相手は賠償金50万円の支払い義務がありますが、実際の支払は数か月後となります。
「人身傷害保険」に加入していれば、相手の賠償金50万円も含めた100万円を自分が加入している保険会社が示談交渉前に立て替えて支払ってくれます。
自分の車に搭乗中以外でも補償があり被保険者とその家族の方が、歩行中や自転車に乗っている時に自動車事故(バイク含む)にあった場合でも補償されます。あまり知られていない事例かもしれません。

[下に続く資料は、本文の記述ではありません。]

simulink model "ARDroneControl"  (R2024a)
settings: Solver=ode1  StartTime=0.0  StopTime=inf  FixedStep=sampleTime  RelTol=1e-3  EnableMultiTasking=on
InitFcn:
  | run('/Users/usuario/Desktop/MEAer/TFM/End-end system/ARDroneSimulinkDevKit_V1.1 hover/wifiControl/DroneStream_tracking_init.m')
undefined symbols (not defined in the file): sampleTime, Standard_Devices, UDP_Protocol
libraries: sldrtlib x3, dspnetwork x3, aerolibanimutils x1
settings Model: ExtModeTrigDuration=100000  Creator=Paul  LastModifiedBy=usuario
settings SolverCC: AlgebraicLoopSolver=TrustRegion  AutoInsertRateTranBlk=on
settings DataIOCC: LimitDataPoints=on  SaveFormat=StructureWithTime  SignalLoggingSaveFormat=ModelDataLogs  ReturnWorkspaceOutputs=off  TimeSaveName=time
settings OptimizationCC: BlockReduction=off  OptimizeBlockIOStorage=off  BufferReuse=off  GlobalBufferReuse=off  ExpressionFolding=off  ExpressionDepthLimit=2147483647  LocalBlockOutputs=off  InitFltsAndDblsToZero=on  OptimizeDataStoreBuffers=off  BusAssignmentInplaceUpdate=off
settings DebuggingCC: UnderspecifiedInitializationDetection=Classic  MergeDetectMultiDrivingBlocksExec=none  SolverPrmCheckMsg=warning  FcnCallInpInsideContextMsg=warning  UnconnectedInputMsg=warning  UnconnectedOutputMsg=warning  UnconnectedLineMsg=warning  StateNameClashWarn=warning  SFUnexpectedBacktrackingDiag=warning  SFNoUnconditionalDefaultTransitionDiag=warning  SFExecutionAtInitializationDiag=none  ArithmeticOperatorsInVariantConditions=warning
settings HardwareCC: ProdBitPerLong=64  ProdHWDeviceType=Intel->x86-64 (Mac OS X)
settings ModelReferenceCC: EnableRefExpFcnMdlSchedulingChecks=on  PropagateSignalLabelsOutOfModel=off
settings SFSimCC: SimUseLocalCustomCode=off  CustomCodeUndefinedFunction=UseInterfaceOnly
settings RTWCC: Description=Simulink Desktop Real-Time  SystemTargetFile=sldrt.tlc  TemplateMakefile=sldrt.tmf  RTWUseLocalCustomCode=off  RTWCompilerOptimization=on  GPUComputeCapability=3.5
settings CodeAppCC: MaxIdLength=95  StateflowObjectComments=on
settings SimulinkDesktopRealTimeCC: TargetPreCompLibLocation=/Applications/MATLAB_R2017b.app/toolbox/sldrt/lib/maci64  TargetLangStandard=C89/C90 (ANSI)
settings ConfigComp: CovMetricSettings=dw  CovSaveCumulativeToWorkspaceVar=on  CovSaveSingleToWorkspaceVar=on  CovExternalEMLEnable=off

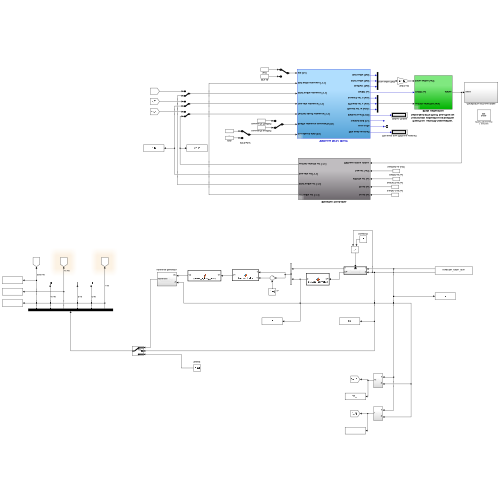
[thumbnail: Simulink's stored preview of the top-level diagram]
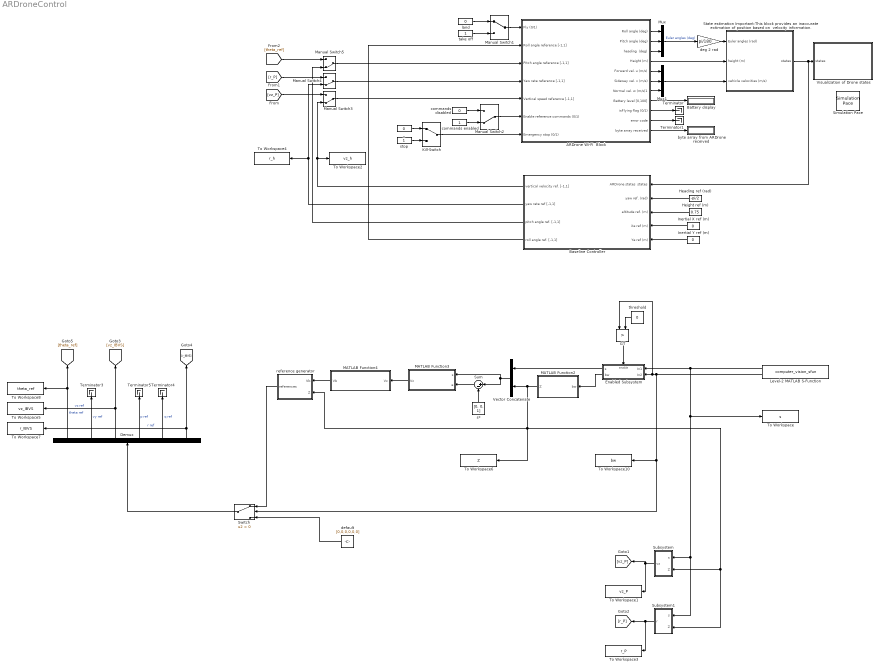
== system ARDroneControl ==
  ARDrone Wi-Fi  Block : Subsystem  AncestorBlock="ARBlocks/ARDrone Wi-Fi  Block"
  Baseline Controller : Subsystem  AncestorBlock=ARBlocks/Baseline Controller
  Battery display : Display
  Demux : Demux  Outputs=6
  Enabled Subsystem : Subsystem  TreatAsAtomicUnit=on
  GT : RelationalOperator  Operator=>  OutDataTypeStr=boolean  RndMeth=Simplest  InputSameDT=off
  Heading ref (rad) : Constant  Value=-pi/2
  Height ref (m) : Constant  Value=0.75
  Inertial X ref (m) : Constant  Value=0
  Inertial Y ref (m) : Constant  Value=0
  Kill-Switch : ManualSwitch
  Level-2 MATLAB S-Function : M-S-Function  FunctionName=computer_vision_sfun
  MATLAB Function2 : MATLAB Function  TreatAsAtomicUnit=on
  MATLAB Function3 : MATLAB Function  TreatAsAtomicUnit=on
  MATLAB Function4 : MATLAB Function  TreatAsAtomicUnit=on
  Manual Switch1 : ManualSwitch
  Manual Switch{2..5} (4 alike) : ManualSwitch  CurrentSetting=0
  Mux : Mux  Inputs=3
  Mux1 : Mux  Inputs=3
  Simulation Pace : aerolibanimutils/Simulation Pace  SimulationPace=1  SleepMode=MATLAB Thread  OutputPaceError=off  SampleTime=sampleTime
  "State estimation Important:This block provides an inaccurate extimation of position based on  velocity information. " : Subsystem  AncestorBlock=|
      | ARBlocks/Position estimation
      | Important:This block provides an 
      | inaccurate extimation of position 
      | based on  velocity information.
  Subsystem : Subsystem
  Subsystem1 : Subsystem
  Sum : Sum  Inputs=|+-
  Switch : Switch  Criteria=u2 > Threshold  SaturateOnIntegerOverflow=off  InputSameDT=off
  Terminator{,1,3..5} (5 alike) : Terminator
  To Workspace : ToWorkspace  VariableName=s  SaveFormat=Timeseries  SampleTime=-1
  To Workspace1 : ToWorkspace  VariableName=vz_P  SaveFormat=Timeseries  SampleTime=-1
  To Workspace10 : ToWorkspace  VariableName=bw  SaveFormat=Timeseries  SampleTime=-1
  To Workspace2 : ToWorkspace  VariableName=vz_h  SaveFormat=Timeseries  SampleTime=-1
  To Workspace3 : ToWorkspace  VariableName=r_P  SaveFormat=Timeseries  SampleTime=-1
  To Workspace4 : ToWorkspace  VariableName=r_h  SaveFormat=Timeseries  SampleTime=-1
  To Workspace5 : ToWorkspace  VariableName=vz_IBVS  SaveFormat=Timeseries  SampleTime=-1
  To Workspace6 : ToWorkspace  VariableName=Z  SaveFormat=Timeseries  SampleTime=-1
  To Workspace7 : ToWorkspace  VariableName=r_IBVS  SaveFormat=Timeseries  SampleTime=-1
  To Workspace8 : ToWorkspace  VariableName=theta_ref  SaveFormat=Timeseries  SampleTime=-1
  Vector Concatenate : Concatenate
  Visualization of Drone states : Subsystem
  _ : Constant  Value=0
  "byte array from ARDrone received " : Display
  commands disabled : Constant  Value=0
  commands enabled : Constant
  default : Constant  Value=[0,0,0,0,0,0]
  deg 2 rad : Gain  Gain=pi/180
  land : Constant  Value=0
  reference generator : Subsystem
  s* : Constant  Value=[0, 0, 1]
  stop : Constant
  take off : Constant
  threshold : Constant  Value=0
  wires:
  _/1 -> Kill-Switch/1
  stop/1 -> Kill-Switch/2
  land/1 -> Manual Switch1/1
  take off/1 -> Manual Switch1/2
  commands disabled/1 -> Manual Switch2/1
  commands enabled/1 -> Manual Switch2/2
  Manual Switch1/1 -> ARDrone Wi-Fi  Block/1(Fly (0/1))
  Manual Switch2/1 -> ARDrone Wi-Fi  Block/6(Enable reference commands (0/1))
  Kill-Switch/1 -> ARDrone Wi-Fi  Block/7(Emergency stop (0/1))
  ARDrone Wi-Fi  Block/1(Roll angle (deg)) -> Mux/1
  ARDrone Wi-Fi  Block/2(Pitch angle (deg)) -> Mux/2
  ARDrone Wi-Fi  Block/5(Forward vel. u (m/s)) -> Mux1/1
  ARDrone Wi-Fi  Block/6(Sideway vel. v (m/s)) -> Mux1/2
  ARDrone Wi-Fi  Block/7(Normal vel. w (m/s)1) -> Mux1/3
  Mux/1 -> deg 2 rad/1  "Euler angles (deg)"
  ARDrone Wi-Fi  Block/8(Battery level [0,100]) -> Battery display/1
  "State estimation Important:This block provides an inaccurate extimation of position based on  velocity information. "/1(states) -> Baseline Controller/1("ARDrone states  states "), Visualization of Drone states/1(states)
  deg 2 rad/1 -> "State estimation Important:This block provides an inaccurate extimation of position based on  velocity information. "/1(Euler angles (rad))
  Mux1/1 -> "State estimation Important:This block provides an inaccurate extimation of position based on  velocity information. "/3(vehicle velocities (m/s))
  ARDrone Wi-Fi  Block/3(heading  (deg)) -> Mux/3
  ARDrone Wi-Fi  Block/9(isFlying flag (0/1)) -> Terminator/1
  ARDrone Wi-Fi  Block/10(error code) -> Terminator1/1
  ARDrone Wi-Fi  Block/11(byte array received) -> "byte array from ARDrone received "/1
  ARDrone Wi-Fi  Block/4(Height (m)) -> "State estimation Important:This block provides an inaccurate extimation of position based on  velocity information. "/2(height (m))
  Heading ref (rad)/1 -> Baseline Controller/2(yaw ref. (rad))
  Inertial Y ref (m)/1 -> Baseline Controller/5(Ye ref (m))
  Inertial X ref (m)/1 -> Baseline Controller/4(Xe ref (m))
  Baseline Controller/4(roll angle ref. [-1,1]) -> ARDrone Wi-Fi  Block/2(Roll angle reference [-1,1])
  Height ref (m)/1 -> Baseline Controller/3(altitude ref. (m))
  s*/1 -> Sum/2
  Demux/4 -> Terminator5/1  "p ref"
  Demux/2 -> Terminator3/1  "vy ref"
  Sum/1 -> MATLAB Function3/2(e)
  Level-2 MATLAB S-Function/1 -> Subsystem1/1(s), Subsystem/1(s), To Workspace/1, Enabled Subsystem/1(In1)
  MATLAB Function2/1(Z) -> reference generator/2(Z), Subsystem/2(Z), Subsystem1/2(Z), To Workspace6/1, Vector Concatenate/2
  MATLAB Function3/1(Vc) -> MATLAB Function4/1(Vc)
  Demux/5 -> Terminator4/1  "q ref"
  Demux/3 -> To Workspace5/1, [vz_IBVS]  "vz ref"
  Demux/6 -> [r_IBVS], To Workspace7/1  "r ref"
  [vz_P] -> Manual Switch3/1
  [r_P] -> Manual Switch4/1
  Manual Switch4/1 -> ARDrone Wi-Fi  Block/4(Yaw rate reference [-1,1])
  Manual Switch3/1 -> ARDrone Wi-Fi  Block/5(Vertical speed reference [-1,1])
  Baseline Controller/1(vertical velocity ref. [-1,1]) -> Manual Switch3/2, To Workspace2/1
  Baseline Controller/2(yaw rate ref [-1,1]) -> Manual Switch4/2, To Workspace4/1
  Subsystem/1(vz) -> [vz_P], To Workspace1/1
  Subsystem1/1(r) -> To Workspace3/1, [r_P]
  Level-2 MATLAB S-Function/2 -> Enabled Subsystem/2(In2), GT/1, Switch/2, To Workspace10/1
  GT/1 -> Enabled Subsystem/Enable
  threshold/1 -> GT/2
  Switch/1 -> Demux/1
  default/1 -> Switch/3
  Enabled Subsystem/1(s) -> Vector Concatenate/1
  Enabled Subsystem/2(bw) -> MATLAB Function2/1(bw)
  Demux/1 -> To Workspace8/1, [theta_ref]  "theta ref"
  Manual Switch5/1 -> ARDrone Wi-Fi  Block/3(Pitch angle reference [-1,1])
  [theta_ref] -> Manual Switch5/1
  Baseline Controller/3(pitch angle ref. [-1,1]) -> Manual Switch5/2
  MATLAB Function4/1(Vb) -> reference generator/1(Vb)
  reference generator/1(references) -> Switch/1
  Vector Concatenate/1 -> Sum/1, MATLAB Function3/1(s)

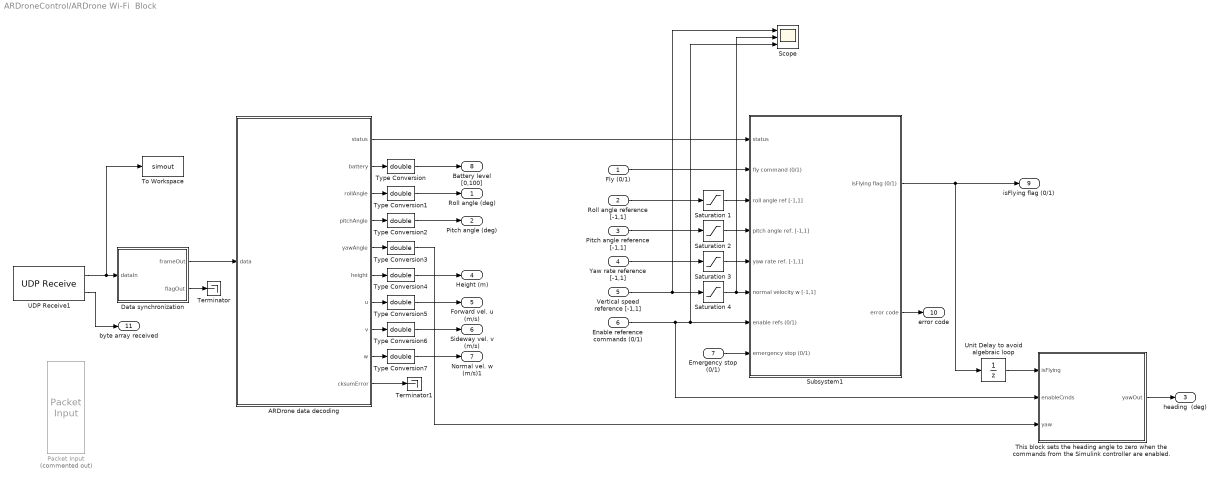
== system ARDroneControl/ARDrone Wi-Fi  Block ==
  Fly (0/1) : Inport
  Roll angle reference [-1,1] : Inport  Port=2
  Pitch angle reference [-1,1] : Inport  Port=3
  Yaw rate reference [-1,1] : Inport  Port=4
  Vertical speed reference [-1,1] : Inport  Port=5
  Enable reference commands (0/1) : Inport  Port=6
  Emergency stop (0/1) : Inport  Port=7
  ARDrone data decoding : MATLAB Function  TreatAsAtomicUnit=on
  "Data synchronization " : MATLAB Function  TreatAsAtomicUnit=on
  Packet Input : sldrtlib/Packet Input  Commented=on  SampleTime=sampleTime  MaxMissedTicks=100  ShowMissedTicks=off  YieldWhenWaiting=off  DrvName=Standard_Devices/UDP_Protocol  DrvAddress=5554  DrvOptions=[3232235777 5554]  PacketSize=500  DataTypes='500*uint8'  ShowReady=on  ShowError=off  PacketID=1  ByteOrder=1  ShowTimestamp=off
      settings: AttributesFormatString=UDP Protocol [5554]
  Saturation 1 : Saturate  UpperLimit=1  LowerLimit=-1
  Saturation 2 : Saturate  UpperLimit=1  LowerLimit=-1
  Saturation 3 : Saturate  UpperLimit=1  LowerLimit=-1
  Saturation 4 : Saturate  UpperLimit=1.5  LowerLimit=-1.5
  Scope : Scope  NumInputPorts=3
  Subsystem1 : Subsystem
  Terminator : Terminator
  Terminator1 : Terminator
  "This block sets the heading angle to zero when the commands from the Simulink controller are enabled. " : MATLAB Function  TreatAsAtomicUnit=on
  To Workspace : ToWorkspace  VariableName=simout  SampleTime=-1
  Type Conversion{,1..7} (8 alike) : DataTypeConversion  OutDataTypeStr=double  SaturateOnIntegerOverflow=off  RndMeth=Floor
  UDP Receive1 : dspnetwork/UDP Receive  localURL='0.0.0.0'  localPort=5554  remoteURL='192.168.1.1'  remotePort=-1  recvBufferSize=8192  dims=500  signalDatatype=uint8  isComplex=off  isVarSize=off  showBlockingTime=off  blockingTime=0  sampletime=sampleTime  blockPlatform=[]
  Unit Delay to avoid algebraic loop : UnitDelay  SampleTime=-1  HasFrameUpgradeWarning=on
  Roll angle (deg) : Outport  VectorParamsAs1DForOutWhenUnconnected=off
  Pitch angle (deg) : Outport  Port=2  VectorParamsAs1DForOutWhenUnconnected=off
  heading  (deg) : Outport  Port=3  VectorParamsAs1DForOutWhenUnconnected=off
  Height (m) : Outport  Port=4  VectorParamsAs1DForOutWhenUnconnected=off
  Forward vel. u (m/s) : Outport  Port=5  VectorParamsAs1DForOutWhenUnconnected=off
  Sideway vel. v (m/s) : Outport  Port=6  VectorParamsAs1DForOutWhenUnconnected=off
  Normal vel. w (m/s)1 : Outport  Port=7  VectorParamsAs1DForOutWhenUnconnected=off
  Battery level [0,100] : Outport  Port=8  VectorParamsAs1DForOutWhenUnconnected=off
  isFlying flag (0/1) : Outport  Port=9  VectorParamsAs1DForOutWhenUnconnected=off
  error code : Outport  Port=10  VectorParamsAs1DForOutWhenUnconnected=off
  byte array received : Outport  Port=11  VectorParamsAs1DForOutWhenUnconnected=off
  wires:
  Unit Delay to avoid algebraic loop/1 -> "This block sets the heading angle to zero when the commands from the Simulink controller are enabled. "/1(isFlying)
  "Data synchronization "/2(flagOut) -> Terminator/1
  Saturation 4/1 -> Scope/2, Subsystem1/6(normal velocity w [-1,1])
  Saturation 3/1 -> Subsystem1/5(yaw rate ref. [-1,1])
  Saturation 2/1 -> Subsystem1/4(pitch angle ref. [-1,1])
  Saturation 1/1 -> Subsystem1/3(roll angle ref [-1,1])
  Fly (0/1)/1 -> Subsystem1/2(fly command (0/1))
  "This block sets the heading angle to zero when the commands from the Simulink controller are enabled. "/1(yawOut) -> heading  (deg)/1
  Type Conversion3/1 -> "This block sets the heading angle to zero when the commands from the Simulink controller are enabled. "/3(yaw)
  Type Conversion7/1 -> Normal vel. w (m/s)1/1
  Type Conversion6/1 -> Sideway vel. v (m/s)/1
  Type Conversion5/1 -> Forward vel. u (m/s)/1
  Type Conversion4/1 -> Height (m)/1
  Type Conversion2/1 -> Pitch angle (deg)/1
  Type Conversion1/1 -> Roll angle (deg)/1
  Type Conversion/1 -> Battery level [0,100]/1
  ARDrone data decoding/10(cksumError) -> Terminator1/1
  Subsystem1/2(error code) -> error code/1
  Subsystem1/1(isFlying flag (0/1)) -> isFlying flag (0/1)/1, Unit Delay to avoid algebraic loop/1
  Emergency stop (0/1)/1 -> Subsystem1/8(emergency stop (0/1))
  Enable reference commands (0/1)/1 -> Scope/3, Subsystem1/7(enable refs (0/1)), "This block sets the heading angle to zero when the commands from the Simulink controller are enabled. "/2(enableCmds)
  Vertical speed reference [-1,1]/1 -> Scope/1, Saturation 4/1
  Yaw rate reference [-1,1]/1 -> Saturation 3/1
  Pitch angle reference [-1,1]/1 -> Saturation 2/1
  Roll angle reference [-1,1]/1 -> Saturation 1/1
  ARDrone data decoding/1(status) -> Subsystem1/1(status)
  UDP Receive1/2 -> byte array received/1
  ARDrone data decoding/9(w) -> Type Conversion7/1
  ARDrone data decoding/8(v) -> Type Conversion6/1
  ARDrone data decoding/7(u) -> Type Conversion5/1
  ARDrone data decoding/4(pitchAngle) -> Type Conversion2/1
  ARDrone data decoding/3(rollAngle) -> Type Conversion1/1
  ARDrone data decoding/6(height) -> Type Conversion4/1
  ARDrone data decoding/2(battery) -> Type Conversion/1
  ARDrone data decoding/5(yawAngle) -> Type Conversion3/1
  "Data synchronization "/1(frameOut) -> ARDrone data decoding/1(data)
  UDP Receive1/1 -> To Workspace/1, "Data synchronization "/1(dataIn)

また「自動車乗車中のみを補償」で保険料を下げることもできます。
・ 「搭乗者傷害保険」
自分の車に乗っている人(運転者・同乗者)がケガで入通院した場合や死亡した場合を想定した保険です。
保険金は、定額支払いで
「1日1万円 × 入通院日数」
「死亡で500万円」
などになります。
・ しっかり備えたい人…人身傷害保険と搭乗者傷害保険は両方付帯すれば両方から補償されます。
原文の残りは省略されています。